John Jeffreys was a traditionalist in his approach to composition. Thus his works, a symphony, three violin concertos and about two hundred songs, were somewhat neglected in the avant-garde mood of the mid-twentieth century. His Four Little English Dances, described as ‘in the Georgian manner’, are delightful tributes to the harpsichord’s lyricism. Each movement is marked with a different date …as follows: first movement, 1946, Melksham; second, 1948, Stafford; third, 1945, Exeter, and finally 1953, Cheshunt.
Finally Goff’s Fireside is heard again, this time on the muselar, a Flemish virginal of the seventeenth century where the keyboard is placed off-centre to the right, imparting a particularly poignant tone quality.
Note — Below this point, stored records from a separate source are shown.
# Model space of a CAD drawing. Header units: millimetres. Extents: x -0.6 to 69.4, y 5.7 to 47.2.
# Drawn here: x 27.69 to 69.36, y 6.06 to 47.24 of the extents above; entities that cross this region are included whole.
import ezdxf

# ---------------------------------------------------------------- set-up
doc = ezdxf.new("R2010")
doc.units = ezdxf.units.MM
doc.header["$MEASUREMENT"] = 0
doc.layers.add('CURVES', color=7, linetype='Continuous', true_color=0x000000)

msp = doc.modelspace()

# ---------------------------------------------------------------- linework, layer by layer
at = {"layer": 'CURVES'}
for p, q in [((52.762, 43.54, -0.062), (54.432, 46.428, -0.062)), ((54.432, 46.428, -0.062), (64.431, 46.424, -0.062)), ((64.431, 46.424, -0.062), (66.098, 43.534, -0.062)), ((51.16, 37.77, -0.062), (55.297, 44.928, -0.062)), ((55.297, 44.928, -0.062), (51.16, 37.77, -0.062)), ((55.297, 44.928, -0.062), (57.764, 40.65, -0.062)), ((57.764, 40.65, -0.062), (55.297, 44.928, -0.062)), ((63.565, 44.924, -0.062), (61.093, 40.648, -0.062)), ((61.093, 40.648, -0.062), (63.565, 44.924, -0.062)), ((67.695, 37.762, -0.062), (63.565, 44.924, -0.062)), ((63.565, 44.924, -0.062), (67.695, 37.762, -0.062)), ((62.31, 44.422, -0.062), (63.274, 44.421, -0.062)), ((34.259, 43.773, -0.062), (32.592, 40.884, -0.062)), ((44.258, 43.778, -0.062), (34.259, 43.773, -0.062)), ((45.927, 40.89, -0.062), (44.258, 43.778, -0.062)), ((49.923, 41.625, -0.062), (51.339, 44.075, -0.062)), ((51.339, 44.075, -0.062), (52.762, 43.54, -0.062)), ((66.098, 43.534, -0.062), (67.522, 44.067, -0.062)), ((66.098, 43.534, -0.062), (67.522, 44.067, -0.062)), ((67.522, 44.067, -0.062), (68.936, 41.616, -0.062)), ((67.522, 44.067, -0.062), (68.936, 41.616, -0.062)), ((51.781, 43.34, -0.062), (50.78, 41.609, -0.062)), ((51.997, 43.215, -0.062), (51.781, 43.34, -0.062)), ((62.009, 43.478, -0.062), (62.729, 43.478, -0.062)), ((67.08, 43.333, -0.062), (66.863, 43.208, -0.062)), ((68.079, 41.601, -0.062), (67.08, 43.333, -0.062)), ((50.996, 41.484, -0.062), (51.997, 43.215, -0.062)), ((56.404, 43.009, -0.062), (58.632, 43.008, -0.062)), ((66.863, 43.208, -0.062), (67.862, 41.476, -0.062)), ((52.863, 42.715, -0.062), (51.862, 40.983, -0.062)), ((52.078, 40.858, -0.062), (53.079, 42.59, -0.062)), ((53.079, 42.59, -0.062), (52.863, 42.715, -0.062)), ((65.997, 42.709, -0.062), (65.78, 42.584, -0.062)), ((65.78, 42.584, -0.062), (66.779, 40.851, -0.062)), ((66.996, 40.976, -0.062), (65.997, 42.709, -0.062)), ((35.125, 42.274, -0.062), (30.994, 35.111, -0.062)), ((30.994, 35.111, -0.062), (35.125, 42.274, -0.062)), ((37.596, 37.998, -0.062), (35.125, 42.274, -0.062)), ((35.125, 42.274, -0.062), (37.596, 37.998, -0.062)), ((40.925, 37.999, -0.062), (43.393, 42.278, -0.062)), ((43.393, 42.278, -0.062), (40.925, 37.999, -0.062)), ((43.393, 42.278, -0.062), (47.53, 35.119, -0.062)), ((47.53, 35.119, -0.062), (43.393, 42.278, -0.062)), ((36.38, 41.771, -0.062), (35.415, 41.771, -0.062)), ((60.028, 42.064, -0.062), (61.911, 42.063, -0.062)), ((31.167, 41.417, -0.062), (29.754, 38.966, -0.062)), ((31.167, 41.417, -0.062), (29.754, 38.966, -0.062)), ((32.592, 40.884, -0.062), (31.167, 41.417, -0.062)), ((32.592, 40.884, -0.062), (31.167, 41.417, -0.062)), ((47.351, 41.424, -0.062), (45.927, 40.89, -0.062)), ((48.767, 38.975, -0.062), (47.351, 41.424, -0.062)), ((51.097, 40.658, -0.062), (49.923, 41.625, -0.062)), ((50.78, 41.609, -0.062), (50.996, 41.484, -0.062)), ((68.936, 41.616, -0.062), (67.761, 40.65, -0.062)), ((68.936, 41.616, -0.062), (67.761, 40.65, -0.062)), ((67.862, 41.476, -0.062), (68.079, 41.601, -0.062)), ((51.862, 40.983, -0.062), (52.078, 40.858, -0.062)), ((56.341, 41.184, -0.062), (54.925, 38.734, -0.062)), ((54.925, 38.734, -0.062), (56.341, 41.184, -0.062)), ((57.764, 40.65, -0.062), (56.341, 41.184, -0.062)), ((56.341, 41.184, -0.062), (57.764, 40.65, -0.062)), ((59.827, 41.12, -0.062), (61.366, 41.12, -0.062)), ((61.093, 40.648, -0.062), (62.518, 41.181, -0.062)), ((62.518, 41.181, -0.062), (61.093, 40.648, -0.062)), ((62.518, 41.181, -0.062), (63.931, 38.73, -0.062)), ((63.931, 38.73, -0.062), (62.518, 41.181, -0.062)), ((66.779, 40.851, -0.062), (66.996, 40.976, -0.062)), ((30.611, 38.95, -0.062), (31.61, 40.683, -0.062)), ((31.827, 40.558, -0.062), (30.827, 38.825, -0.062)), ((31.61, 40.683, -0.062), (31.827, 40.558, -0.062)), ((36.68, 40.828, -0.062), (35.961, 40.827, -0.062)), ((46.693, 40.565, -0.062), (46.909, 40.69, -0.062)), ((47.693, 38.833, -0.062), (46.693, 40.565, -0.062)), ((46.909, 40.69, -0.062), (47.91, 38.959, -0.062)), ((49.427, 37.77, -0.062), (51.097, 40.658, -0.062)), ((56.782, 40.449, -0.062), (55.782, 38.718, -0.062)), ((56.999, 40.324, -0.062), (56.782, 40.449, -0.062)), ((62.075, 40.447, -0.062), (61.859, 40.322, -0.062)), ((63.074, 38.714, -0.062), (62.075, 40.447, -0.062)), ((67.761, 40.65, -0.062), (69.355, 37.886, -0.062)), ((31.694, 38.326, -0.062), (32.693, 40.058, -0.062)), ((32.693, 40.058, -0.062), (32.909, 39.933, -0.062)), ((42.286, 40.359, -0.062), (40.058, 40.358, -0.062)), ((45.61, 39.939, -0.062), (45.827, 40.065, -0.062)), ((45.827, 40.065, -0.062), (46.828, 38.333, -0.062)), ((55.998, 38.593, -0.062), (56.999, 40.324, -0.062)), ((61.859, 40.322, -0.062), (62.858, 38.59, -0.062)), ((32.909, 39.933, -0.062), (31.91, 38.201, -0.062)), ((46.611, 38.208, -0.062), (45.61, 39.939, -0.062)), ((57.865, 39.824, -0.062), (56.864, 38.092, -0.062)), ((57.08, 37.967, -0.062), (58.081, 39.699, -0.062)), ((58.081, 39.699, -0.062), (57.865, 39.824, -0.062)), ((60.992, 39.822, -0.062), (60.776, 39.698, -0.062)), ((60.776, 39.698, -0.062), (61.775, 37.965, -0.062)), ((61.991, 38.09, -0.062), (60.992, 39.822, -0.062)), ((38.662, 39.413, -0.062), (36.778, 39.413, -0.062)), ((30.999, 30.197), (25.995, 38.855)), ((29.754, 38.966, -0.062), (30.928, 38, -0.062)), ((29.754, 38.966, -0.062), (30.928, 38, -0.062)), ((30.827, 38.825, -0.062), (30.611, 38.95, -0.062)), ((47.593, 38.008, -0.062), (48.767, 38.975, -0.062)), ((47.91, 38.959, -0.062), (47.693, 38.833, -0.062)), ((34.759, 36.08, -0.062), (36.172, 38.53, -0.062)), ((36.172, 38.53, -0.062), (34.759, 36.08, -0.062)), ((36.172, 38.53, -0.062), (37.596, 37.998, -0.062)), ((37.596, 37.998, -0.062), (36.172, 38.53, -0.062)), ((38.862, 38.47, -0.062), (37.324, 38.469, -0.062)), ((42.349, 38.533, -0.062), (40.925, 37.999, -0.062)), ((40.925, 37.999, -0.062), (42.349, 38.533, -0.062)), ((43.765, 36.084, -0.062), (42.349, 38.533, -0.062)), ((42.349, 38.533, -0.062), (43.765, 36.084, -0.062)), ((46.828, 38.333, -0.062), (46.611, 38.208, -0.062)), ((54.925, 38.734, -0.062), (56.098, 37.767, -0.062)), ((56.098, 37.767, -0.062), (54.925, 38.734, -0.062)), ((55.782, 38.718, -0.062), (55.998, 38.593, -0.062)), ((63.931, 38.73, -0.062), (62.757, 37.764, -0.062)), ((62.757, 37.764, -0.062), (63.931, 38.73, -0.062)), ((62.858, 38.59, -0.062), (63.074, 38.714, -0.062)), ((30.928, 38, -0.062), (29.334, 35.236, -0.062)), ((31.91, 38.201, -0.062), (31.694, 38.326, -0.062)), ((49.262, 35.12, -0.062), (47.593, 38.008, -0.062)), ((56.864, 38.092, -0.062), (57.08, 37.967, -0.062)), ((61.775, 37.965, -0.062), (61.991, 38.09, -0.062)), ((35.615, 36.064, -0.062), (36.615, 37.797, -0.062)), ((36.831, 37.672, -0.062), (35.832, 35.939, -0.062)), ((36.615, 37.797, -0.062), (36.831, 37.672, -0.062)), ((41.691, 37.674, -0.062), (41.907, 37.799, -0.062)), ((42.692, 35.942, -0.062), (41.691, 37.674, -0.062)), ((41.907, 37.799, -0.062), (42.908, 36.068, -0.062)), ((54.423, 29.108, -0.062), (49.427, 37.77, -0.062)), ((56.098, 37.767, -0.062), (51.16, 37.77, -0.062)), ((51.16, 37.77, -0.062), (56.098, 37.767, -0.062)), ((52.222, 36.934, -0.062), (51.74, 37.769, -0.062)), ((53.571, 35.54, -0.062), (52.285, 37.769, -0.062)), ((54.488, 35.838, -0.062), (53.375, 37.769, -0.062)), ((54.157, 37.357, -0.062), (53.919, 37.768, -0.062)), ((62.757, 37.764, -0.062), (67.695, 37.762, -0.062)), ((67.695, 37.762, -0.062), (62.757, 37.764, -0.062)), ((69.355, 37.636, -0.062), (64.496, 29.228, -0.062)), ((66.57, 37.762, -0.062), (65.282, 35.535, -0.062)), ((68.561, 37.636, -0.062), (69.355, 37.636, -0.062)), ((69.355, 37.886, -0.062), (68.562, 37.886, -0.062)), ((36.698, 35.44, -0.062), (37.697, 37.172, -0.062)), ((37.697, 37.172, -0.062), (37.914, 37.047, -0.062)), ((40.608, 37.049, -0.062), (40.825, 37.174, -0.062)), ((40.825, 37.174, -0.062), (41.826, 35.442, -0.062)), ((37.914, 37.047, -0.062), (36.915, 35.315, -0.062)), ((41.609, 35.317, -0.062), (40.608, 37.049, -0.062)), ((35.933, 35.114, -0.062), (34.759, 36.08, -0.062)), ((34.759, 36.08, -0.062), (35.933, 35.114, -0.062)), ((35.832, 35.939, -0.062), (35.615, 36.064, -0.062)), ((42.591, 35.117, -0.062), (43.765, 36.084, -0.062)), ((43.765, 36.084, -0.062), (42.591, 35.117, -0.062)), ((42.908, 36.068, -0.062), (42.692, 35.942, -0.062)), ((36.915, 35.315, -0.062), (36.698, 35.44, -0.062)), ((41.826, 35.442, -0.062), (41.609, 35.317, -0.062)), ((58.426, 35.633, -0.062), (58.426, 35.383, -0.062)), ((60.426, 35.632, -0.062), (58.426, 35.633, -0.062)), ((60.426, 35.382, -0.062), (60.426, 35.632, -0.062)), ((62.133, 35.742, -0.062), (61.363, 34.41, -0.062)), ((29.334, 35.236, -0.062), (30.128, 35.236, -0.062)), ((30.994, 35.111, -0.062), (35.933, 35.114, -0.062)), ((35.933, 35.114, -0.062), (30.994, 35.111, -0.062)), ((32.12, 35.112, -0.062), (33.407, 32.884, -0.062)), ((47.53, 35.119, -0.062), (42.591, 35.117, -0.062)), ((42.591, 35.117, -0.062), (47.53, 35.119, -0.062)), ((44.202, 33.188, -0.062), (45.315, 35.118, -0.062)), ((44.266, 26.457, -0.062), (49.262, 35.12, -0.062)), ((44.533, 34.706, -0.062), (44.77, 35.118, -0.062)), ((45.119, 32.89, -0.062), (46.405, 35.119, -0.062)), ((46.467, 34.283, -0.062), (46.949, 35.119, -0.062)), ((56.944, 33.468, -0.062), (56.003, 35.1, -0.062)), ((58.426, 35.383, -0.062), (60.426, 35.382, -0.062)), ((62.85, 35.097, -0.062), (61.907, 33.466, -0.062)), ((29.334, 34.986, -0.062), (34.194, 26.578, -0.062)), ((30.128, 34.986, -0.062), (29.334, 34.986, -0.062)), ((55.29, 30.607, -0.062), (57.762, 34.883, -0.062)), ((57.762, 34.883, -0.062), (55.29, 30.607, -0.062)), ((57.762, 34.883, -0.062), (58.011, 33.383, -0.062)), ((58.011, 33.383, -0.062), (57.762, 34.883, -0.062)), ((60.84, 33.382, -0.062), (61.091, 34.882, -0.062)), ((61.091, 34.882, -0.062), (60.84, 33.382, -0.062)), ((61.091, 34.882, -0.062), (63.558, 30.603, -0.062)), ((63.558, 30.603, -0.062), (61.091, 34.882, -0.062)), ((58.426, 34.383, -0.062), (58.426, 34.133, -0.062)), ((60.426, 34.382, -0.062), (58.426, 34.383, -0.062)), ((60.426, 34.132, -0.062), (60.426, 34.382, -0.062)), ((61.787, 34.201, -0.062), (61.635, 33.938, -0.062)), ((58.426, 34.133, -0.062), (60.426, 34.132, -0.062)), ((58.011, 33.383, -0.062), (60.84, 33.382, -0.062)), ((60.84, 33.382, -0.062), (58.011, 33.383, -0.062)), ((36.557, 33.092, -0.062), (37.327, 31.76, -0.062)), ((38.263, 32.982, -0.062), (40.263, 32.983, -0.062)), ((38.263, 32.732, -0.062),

This recording is based on the PhD research work of Christopher D. Lewis. His doctoral work is entitled ‘The Making of the Modern Harpsichord’ and is in association with The Department of Music at the University of Southampton (UK), together with The National Trust and the Arts and Humanities Research Council. This project is based at the National Trust owned Mottisfont Abbey in Hampshire, the childhood home of historical keyboard collector Raymond Russell. The aims of the project include preparing a history of harpsichord revival in the UK, concentrating on the period from the mid-1930s onward, and to determine how the reinvention of the harpsichord by its advocates—musicians, collectors, cataloguers, instrument makers—influenced contemporary creative practice as well as fostering projects of historical revival.